P&G's Chief Digital and AI Officer Alfredo Colas found out. When P&G removed approval layers, licensing friction, and the departmental gatekeeping that typically separates AI capability from business users, consumption skyrocketed. Aside from higher usage, the work was measurably better. In a study conducted with more than 700 P&G employees across four business units, researchers from Harvard and Wharton found that individuals working with AI outperformed traditional two-person specialist teams working without it. AI-supported teams were three times more likely to produce solutions rated in the top 10% for quality.
This outcome was possible because P&G made an organizational design decision that forced the workforce question into the open. Rather than housing data scientists and AI engineers in a centralized analytics function, P&G embedded them directly within business units and operational teams across supply chain, marketing, and commercial functions. In partnership with Harvard Business School and BCG, P&G built an intensive eight-week AI upskillng program for executives focused on the strategic impact of AI, with in-house programs running in parallel to build daily AI fluency across the broader workforce. More than 4,000 executives have completed it.
"The decisive differentiator will not be access to technology, but the ability to orchestrate human transformation around it."
—David Henderson, Group Director of HR, Al-Futtaim Group
When AI capability moves out of centralized functions and into the business itself, adoption stops being a mandate handed down from leadership and becomes something that emerges from the people closest to the work. David Henderson, Group Director of HR at Al-Futtaim Group, cites "adoption catalyst" as one role of CHROS in the AI era. This charge, he says, ensures AI value is not confined to central teams, but scaled from the bottom up, by employees empowered to apply it where their insight is deepest. As AI embeds itself further into business operations, that role becomes increasingly foundational.
59% of CEOs expect the CHRO's influence to increase over the coming years as AI transformation matures. The structural default (CIO owns AI, CHRO manages the people side) produces the very adoption lag many enterprises are experiencing.
At your next AI steering committee, ask two questions: When was the CHRO brought into the conversation? What decisions were already locked in by then?
The companies generating excellent results in AI deployments are making an important decision before the architecture is in place: that the person responsible for workforce capability should help design the system that those workers will be asked to operate.
.avif)
At the next AI steering committee, ask two questions: when was HR invited into the room, and what decisions were already locked in by then? If the CHRO joined after vendor selection and workflow design were complete, serious problems may already be built into the program structure.
Effective AI governance requires the CIO and CHRO to jointly define which decisions remain human, which are AI-supported, and where accountability sits. A 2026 report found that only 40% of organizations still split AI strategy ownership across multiple executives, with 17% reporting no clear owner at all.
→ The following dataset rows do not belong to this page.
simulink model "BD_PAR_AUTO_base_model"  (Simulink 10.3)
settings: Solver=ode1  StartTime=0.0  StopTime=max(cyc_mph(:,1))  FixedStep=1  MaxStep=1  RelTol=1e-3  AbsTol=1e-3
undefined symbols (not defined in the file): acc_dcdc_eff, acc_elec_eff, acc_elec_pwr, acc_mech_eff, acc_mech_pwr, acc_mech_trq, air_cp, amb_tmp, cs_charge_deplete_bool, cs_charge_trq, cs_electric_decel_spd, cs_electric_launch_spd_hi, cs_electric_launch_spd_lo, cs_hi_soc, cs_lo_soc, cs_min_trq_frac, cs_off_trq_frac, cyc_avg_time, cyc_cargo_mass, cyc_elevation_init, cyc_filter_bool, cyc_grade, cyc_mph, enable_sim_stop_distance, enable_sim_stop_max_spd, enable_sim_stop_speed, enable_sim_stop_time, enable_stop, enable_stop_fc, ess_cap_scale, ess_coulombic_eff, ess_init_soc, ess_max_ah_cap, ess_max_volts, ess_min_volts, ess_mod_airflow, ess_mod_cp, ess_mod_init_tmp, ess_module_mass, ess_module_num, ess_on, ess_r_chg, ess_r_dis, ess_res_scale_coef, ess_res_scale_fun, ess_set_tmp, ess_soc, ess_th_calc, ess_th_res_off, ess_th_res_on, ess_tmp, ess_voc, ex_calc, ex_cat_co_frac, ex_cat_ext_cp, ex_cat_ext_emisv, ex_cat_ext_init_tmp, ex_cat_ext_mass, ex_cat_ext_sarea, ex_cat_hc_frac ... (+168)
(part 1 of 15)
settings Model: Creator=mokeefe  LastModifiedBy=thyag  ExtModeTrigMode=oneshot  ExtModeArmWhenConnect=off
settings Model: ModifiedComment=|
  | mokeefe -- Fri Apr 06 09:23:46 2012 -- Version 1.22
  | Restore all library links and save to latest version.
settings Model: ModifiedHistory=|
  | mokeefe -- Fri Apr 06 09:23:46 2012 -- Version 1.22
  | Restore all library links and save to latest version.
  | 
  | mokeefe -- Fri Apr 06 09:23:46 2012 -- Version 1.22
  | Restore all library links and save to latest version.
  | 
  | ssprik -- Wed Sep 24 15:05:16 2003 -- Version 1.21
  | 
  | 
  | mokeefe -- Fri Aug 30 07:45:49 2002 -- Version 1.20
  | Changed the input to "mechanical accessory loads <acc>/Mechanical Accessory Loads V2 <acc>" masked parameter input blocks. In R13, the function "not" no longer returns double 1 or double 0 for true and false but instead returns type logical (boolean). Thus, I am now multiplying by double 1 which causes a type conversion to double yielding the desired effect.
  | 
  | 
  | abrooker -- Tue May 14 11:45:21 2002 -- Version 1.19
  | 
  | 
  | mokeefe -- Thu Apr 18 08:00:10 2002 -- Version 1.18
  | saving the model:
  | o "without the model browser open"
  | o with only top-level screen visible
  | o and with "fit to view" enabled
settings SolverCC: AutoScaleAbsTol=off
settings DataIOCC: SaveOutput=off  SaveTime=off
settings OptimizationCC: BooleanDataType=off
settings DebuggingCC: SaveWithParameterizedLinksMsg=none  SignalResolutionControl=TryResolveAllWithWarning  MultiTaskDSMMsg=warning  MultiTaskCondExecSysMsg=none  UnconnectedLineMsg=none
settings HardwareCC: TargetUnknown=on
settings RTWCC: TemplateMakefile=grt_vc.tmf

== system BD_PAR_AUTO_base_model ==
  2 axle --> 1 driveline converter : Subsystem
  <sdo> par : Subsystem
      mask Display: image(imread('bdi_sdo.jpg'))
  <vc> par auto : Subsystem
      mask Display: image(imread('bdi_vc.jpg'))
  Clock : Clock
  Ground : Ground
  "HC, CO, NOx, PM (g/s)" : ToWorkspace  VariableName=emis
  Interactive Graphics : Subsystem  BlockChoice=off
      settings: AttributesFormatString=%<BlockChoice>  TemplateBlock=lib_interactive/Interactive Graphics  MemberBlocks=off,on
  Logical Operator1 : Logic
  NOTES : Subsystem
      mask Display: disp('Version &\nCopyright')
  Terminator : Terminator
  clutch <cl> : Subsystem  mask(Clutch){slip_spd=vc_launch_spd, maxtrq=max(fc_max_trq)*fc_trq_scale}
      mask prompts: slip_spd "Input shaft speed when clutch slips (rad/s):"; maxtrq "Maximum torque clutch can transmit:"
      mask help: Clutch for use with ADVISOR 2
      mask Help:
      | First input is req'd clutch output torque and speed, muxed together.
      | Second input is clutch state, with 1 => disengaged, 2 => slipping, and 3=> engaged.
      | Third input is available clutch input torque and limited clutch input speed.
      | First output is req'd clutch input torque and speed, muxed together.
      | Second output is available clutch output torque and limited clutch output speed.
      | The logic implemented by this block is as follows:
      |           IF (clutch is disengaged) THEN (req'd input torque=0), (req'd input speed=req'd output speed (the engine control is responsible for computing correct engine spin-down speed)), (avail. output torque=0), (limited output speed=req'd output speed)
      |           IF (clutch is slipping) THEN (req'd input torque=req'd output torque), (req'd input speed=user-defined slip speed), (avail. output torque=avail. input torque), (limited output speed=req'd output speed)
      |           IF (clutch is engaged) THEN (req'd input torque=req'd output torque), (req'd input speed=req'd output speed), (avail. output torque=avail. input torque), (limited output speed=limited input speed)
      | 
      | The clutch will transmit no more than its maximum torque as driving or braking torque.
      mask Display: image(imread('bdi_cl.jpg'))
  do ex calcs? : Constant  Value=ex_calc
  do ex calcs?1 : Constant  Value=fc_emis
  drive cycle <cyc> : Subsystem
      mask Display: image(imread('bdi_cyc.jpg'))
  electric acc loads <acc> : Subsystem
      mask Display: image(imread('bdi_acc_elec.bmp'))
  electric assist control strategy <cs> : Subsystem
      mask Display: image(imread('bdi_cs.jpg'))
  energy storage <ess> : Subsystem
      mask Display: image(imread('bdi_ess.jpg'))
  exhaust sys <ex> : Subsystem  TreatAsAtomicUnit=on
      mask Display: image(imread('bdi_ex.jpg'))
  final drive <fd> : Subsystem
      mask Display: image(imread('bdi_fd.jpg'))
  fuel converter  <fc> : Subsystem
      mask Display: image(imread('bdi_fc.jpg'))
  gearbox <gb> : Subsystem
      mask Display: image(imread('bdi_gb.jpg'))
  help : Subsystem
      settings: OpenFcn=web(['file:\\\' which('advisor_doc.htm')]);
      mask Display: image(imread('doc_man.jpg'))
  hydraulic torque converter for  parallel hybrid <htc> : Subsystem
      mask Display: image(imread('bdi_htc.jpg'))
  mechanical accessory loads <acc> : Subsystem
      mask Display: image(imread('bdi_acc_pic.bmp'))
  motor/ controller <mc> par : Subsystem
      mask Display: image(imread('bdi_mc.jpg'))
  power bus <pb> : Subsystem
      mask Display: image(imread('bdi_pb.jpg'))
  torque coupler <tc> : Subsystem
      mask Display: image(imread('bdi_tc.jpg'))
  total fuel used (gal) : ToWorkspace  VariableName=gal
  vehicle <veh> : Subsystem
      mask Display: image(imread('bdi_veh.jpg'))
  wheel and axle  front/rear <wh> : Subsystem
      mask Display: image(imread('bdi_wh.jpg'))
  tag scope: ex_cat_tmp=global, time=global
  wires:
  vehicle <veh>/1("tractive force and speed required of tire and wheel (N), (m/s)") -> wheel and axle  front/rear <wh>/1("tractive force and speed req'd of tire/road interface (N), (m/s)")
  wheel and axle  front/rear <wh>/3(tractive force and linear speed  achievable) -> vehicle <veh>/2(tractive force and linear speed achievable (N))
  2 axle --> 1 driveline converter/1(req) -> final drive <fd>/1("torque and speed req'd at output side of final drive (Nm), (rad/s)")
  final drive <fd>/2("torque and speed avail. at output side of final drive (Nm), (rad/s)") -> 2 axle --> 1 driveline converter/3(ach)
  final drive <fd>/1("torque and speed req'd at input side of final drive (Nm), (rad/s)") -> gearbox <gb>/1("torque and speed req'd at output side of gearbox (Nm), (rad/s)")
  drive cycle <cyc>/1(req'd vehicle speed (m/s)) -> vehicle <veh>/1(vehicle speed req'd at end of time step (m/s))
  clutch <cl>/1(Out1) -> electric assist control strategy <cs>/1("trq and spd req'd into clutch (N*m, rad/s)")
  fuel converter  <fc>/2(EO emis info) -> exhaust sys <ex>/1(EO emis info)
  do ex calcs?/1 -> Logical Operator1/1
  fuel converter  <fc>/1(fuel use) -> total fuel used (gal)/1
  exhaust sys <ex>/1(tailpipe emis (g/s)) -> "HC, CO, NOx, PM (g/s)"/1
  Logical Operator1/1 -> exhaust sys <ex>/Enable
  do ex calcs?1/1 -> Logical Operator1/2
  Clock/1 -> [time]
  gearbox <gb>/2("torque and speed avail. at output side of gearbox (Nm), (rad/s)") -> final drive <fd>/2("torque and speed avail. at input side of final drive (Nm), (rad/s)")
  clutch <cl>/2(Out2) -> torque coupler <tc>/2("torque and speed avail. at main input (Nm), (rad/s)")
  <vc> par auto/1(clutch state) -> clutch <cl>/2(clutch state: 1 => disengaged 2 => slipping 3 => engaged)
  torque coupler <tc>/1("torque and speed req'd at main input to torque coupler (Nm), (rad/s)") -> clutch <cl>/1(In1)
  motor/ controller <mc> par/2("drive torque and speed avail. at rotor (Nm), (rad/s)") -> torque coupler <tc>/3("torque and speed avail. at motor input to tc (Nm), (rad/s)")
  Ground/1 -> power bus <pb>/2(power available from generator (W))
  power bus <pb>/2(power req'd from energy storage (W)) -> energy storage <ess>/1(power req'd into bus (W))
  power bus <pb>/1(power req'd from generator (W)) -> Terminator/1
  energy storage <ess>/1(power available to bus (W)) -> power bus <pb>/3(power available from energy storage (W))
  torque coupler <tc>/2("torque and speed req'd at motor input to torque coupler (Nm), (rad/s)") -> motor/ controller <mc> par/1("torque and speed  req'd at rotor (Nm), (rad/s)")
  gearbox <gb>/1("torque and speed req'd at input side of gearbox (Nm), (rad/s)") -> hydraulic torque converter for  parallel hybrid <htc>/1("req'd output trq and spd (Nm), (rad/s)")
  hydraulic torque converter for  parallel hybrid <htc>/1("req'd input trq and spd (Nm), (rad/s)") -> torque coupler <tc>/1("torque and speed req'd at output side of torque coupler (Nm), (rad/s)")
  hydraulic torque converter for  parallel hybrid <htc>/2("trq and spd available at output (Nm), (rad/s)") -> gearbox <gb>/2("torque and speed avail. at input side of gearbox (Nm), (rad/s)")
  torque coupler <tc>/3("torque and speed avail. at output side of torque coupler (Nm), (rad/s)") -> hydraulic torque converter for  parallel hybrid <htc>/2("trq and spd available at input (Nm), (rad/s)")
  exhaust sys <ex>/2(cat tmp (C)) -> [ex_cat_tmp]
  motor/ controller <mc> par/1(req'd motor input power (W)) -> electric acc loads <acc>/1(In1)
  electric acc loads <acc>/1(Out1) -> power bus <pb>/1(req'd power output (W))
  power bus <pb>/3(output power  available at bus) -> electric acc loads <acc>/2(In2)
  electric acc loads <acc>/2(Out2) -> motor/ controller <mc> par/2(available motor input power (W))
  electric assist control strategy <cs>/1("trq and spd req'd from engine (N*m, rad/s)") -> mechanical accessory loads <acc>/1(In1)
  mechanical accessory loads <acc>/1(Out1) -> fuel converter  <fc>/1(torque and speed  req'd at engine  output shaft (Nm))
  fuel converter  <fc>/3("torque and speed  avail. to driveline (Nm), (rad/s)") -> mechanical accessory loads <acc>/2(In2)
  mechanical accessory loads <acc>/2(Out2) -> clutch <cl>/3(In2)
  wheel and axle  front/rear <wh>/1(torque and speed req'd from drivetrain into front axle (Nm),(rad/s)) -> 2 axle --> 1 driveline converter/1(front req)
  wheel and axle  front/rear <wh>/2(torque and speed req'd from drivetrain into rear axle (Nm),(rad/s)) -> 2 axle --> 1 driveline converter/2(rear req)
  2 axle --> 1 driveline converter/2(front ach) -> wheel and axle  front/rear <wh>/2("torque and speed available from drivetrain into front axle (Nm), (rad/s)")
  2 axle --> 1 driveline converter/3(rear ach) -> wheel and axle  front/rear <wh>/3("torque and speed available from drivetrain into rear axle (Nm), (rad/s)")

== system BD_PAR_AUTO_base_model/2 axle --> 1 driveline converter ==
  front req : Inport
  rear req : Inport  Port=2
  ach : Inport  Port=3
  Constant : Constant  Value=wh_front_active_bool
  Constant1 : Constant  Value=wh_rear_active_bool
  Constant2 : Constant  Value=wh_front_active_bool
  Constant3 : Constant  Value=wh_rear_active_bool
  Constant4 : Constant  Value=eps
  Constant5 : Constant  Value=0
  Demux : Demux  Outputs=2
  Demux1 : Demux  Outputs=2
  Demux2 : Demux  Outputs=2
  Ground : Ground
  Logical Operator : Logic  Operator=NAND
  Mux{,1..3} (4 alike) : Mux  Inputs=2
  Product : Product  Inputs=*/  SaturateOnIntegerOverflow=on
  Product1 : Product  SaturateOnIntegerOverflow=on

An analysis of Fortune 1000 companies found that organizations modernizing both workflow and workforce capability in parallel generate total shareholder returns 2.3 times higher, compared to those treating workforce readiness as secondary to technology deployment.
The most common cause is a sequencing failure: workforce readiness is treated as a downstream training problem rather than a parallel design workstream. A 2026 survey found that 85% of employees say the AI training they receive does not help them apply AI in their actual role.
The CHRO's role in AI transformation is to co-own strategy from the design stage. Enterprises where the CHRO helps design workflows and workforce capability before rollout report AI training effectiveness more than double that of CIO or CTO-led models.